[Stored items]
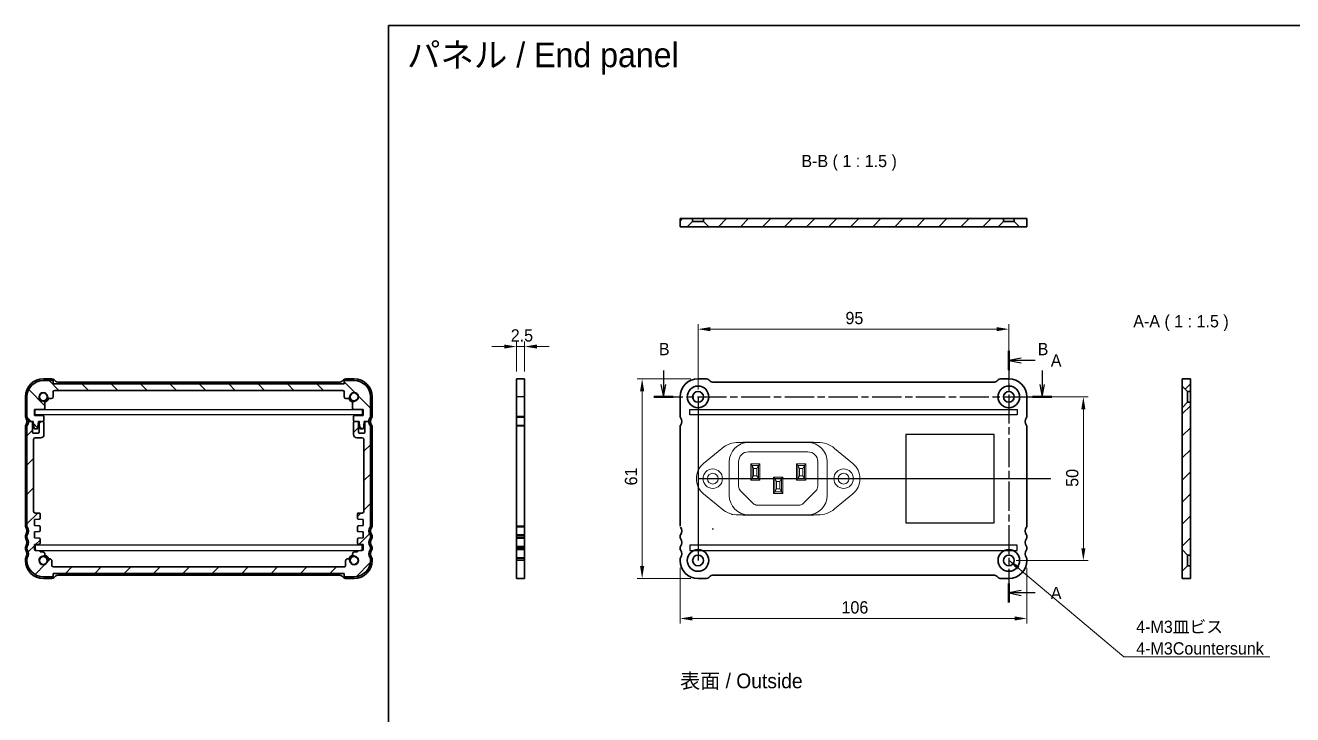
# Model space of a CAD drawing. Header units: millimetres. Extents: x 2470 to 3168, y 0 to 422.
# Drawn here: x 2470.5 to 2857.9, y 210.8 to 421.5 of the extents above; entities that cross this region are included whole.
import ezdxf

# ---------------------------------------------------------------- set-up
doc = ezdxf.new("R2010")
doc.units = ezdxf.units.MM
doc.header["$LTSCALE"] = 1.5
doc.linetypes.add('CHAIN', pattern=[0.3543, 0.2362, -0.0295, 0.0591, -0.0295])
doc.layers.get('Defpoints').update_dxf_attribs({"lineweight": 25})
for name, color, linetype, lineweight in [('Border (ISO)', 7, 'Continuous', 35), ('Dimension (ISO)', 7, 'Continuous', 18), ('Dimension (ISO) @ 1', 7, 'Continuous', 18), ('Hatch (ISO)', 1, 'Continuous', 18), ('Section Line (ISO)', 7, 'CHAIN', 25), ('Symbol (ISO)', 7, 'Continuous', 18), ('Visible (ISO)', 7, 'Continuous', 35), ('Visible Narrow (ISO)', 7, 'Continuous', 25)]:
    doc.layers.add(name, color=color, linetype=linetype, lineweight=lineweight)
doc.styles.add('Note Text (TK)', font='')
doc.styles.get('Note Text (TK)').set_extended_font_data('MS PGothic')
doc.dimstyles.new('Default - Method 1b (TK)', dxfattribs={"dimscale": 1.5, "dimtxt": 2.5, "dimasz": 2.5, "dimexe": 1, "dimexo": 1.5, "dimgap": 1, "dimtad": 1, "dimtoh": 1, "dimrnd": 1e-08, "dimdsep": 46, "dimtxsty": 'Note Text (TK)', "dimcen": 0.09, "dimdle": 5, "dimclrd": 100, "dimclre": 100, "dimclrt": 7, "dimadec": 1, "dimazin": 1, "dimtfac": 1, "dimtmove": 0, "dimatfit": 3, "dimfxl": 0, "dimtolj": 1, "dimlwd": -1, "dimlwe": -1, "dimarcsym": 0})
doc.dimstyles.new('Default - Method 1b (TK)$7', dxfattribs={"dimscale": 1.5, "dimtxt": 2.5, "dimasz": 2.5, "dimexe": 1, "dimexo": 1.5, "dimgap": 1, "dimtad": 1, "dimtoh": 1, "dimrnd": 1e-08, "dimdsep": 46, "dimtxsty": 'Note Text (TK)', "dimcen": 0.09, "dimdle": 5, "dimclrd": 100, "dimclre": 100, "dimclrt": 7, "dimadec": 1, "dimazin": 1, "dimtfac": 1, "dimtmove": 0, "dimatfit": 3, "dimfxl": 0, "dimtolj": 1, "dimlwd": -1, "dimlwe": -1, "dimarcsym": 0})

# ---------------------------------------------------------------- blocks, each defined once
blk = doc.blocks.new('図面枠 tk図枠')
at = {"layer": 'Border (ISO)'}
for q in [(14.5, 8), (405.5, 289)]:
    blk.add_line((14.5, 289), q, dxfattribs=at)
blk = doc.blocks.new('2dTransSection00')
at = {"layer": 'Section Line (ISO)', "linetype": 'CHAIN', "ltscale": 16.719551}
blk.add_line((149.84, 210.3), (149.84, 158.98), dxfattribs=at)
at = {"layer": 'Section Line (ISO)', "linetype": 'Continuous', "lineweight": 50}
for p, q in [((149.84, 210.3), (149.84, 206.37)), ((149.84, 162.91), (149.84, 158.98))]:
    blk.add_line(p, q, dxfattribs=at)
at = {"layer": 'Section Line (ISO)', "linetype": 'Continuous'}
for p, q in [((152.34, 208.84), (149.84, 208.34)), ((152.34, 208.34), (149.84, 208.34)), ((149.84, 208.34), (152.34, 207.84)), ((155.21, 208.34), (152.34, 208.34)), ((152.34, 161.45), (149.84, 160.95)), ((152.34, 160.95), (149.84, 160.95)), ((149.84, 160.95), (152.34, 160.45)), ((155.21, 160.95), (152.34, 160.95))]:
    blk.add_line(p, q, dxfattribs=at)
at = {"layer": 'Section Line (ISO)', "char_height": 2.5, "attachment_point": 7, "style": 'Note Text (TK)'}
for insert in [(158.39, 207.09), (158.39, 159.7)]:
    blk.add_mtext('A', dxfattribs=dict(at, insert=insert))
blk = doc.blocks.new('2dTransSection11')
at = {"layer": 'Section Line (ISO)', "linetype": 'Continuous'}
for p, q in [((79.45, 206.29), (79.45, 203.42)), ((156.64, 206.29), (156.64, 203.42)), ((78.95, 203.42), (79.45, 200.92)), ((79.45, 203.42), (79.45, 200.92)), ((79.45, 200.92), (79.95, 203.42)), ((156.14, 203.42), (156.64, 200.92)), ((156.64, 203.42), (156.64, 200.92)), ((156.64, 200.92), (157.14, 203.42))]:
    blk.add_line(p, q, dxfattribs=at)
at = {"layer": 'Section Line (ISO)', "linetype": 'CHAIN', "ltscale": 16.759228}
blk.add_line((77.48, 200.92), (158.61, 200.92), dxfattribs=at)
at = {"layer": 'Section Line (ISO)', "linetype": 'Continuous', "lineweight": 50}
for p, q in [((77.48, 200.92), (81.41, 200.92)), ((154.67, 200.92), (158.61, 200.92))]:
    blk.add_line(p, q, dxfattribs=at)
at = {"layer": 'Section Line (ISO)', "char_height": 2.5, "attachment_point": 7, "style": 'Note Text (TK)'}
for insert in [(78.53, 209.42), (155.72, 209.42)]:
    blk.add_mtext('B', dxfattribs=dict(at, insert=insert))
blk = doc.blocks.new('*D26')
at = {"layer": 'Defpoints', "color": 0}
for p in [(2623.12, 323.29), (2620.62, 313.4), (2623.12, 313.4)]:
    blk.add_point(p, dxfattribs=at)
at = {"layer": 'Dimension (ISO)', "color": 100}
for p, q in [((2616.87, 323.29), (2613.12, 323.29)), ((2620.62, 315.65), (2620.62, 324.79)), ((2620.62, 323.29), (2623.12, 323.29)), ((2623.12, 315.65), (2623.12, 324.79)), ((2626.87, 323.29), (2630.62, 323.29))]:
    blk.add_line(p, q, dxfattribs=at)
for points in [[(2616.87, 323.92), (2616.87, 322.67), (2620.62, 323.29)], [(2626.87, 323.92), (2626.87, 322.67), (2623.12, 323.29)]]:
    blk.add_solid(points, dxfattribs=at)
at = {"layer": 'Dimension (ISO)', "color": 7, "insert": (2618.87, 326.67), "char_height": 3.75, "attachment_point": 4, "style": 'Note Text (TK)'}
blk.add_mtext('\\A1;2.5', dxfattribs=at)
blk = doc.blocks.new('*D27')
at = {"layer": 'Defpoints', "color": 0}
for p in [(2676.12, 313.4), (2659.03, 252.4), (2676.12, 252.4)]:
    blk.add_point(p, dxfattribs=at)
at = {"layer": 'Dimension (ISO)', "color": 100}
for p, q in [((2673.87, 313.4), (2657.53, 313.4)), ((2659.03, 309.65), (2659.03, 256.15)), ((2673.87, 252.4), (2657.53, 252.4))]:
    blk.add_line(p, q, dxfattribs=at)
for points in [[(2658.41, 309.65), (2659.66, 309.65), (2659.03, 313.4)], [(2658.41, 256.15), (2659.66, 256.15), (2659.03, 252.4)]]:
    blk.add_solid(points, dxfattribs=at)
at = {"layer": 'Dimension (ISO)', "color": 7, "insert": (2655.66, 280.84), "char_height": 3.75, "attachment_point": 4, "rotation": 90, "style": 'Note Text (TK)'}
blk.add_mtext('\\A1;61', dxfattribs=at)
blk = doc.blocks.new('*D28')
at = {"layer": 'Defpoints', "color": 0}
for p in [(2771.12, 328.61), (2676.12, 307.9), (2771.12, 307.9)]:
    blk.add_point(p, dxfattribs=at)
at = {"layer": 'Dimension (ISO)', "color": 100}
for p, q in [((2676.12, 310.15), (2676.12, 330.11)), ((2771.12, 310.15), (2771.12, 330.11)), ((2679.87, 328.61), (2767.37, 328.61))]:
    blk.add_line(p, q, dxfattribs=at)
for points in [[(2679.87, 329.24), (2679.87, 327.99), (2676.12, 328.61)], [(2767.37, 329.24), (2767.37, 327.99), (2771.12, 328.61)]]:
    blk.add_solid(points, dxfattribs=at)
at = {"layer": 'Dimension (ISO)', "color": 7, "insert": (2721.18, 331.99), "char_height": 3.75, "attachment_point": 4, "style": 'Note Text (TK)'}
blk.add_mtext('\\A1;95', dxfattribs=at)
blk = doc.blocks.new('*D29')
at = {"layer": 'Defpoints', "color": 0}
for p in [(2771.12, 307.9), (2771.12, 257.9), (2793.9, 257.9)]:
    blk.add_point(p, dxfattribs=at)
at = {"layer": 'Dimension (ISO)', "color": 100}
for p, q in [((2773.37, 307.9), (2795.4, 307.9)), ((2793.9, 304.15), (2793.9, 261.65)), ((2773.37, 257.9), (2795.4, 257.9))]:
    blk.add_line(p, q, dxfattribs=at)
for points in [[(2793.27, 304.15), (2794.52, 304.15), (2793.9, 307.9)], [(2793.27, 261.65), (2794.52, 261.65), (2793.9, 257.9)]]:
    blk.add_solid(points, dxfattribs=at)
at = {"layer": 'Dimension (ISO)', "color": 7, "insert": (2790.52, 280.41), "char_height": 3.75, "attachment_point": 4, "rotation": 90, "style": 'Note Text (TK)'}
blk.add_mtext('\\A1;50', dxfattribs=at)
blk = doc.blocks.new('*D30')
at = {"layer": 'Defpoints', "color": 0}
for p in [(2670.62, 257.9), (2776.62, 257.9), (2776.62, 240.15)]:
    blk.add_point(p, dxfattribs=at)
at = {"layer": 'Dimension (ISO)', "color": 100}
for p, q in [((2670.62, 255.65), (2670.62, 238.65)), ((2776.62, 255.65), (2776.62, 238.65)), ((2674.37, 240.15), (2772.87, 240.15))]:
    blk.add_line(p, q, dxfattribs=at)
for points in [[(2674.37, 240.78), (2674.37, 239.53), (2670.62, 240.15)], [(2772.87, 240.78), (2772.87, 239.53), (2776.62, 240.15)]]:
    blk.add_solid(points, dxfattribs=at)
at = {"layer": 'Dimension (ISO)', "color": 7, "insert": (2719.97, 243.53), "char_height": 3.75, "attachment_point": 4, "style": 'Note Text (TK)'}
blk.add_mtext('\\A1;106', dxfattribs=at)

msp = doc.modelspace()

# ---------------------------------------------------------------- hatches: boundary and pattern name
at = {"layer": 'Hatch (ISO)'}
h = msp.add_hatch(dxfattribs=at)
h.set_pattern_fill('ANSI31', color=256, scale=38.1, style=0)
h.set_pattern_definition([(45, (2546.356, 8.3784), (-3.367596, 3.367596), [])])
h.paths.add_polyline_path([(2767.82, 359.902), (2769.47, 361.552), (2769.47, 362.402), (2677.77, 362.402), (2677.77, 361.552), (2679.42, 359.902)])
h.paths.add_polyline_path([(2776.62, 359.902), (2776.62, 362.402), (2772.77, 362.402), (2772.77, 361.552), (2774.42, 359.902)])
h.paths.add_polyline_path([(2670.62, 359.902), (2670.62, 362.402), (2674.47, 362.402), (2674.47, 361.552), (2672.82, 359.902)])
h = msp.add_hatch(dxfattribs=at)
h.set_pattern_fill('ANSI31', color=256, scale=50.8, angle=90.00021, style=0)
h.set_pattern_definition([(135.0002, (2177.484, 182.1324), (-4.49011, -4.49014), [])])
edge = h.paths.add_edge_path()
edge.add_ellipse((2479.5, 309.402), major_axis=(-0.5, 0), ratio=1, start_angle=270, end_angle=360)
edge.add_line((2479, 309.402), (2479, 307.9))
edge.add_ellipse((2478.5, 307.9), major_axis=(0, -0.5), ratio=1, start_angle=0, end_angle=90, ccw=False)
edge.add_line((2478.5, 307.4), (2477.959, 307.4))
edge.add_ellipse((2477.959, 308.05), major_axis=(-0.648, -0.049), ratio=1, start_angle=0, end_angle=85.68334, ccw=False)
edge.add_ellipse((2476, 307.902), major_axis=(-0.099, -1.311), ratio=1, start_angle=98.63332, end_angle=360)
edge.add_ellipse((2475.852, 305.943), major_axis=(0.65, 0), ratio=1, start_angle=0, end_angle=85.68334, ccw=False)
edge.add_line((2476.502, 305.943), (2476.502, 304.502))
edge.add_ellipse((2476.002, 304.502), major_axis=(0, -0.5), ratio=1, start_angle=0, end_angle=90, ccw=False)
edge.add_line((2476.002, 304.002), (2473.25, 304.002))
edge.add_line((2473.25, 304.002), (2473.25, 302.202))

▸ **Assignment**
Provide the count of lines in the records above that hold the word "dimadec", with no other text.

▸ **Task output**
2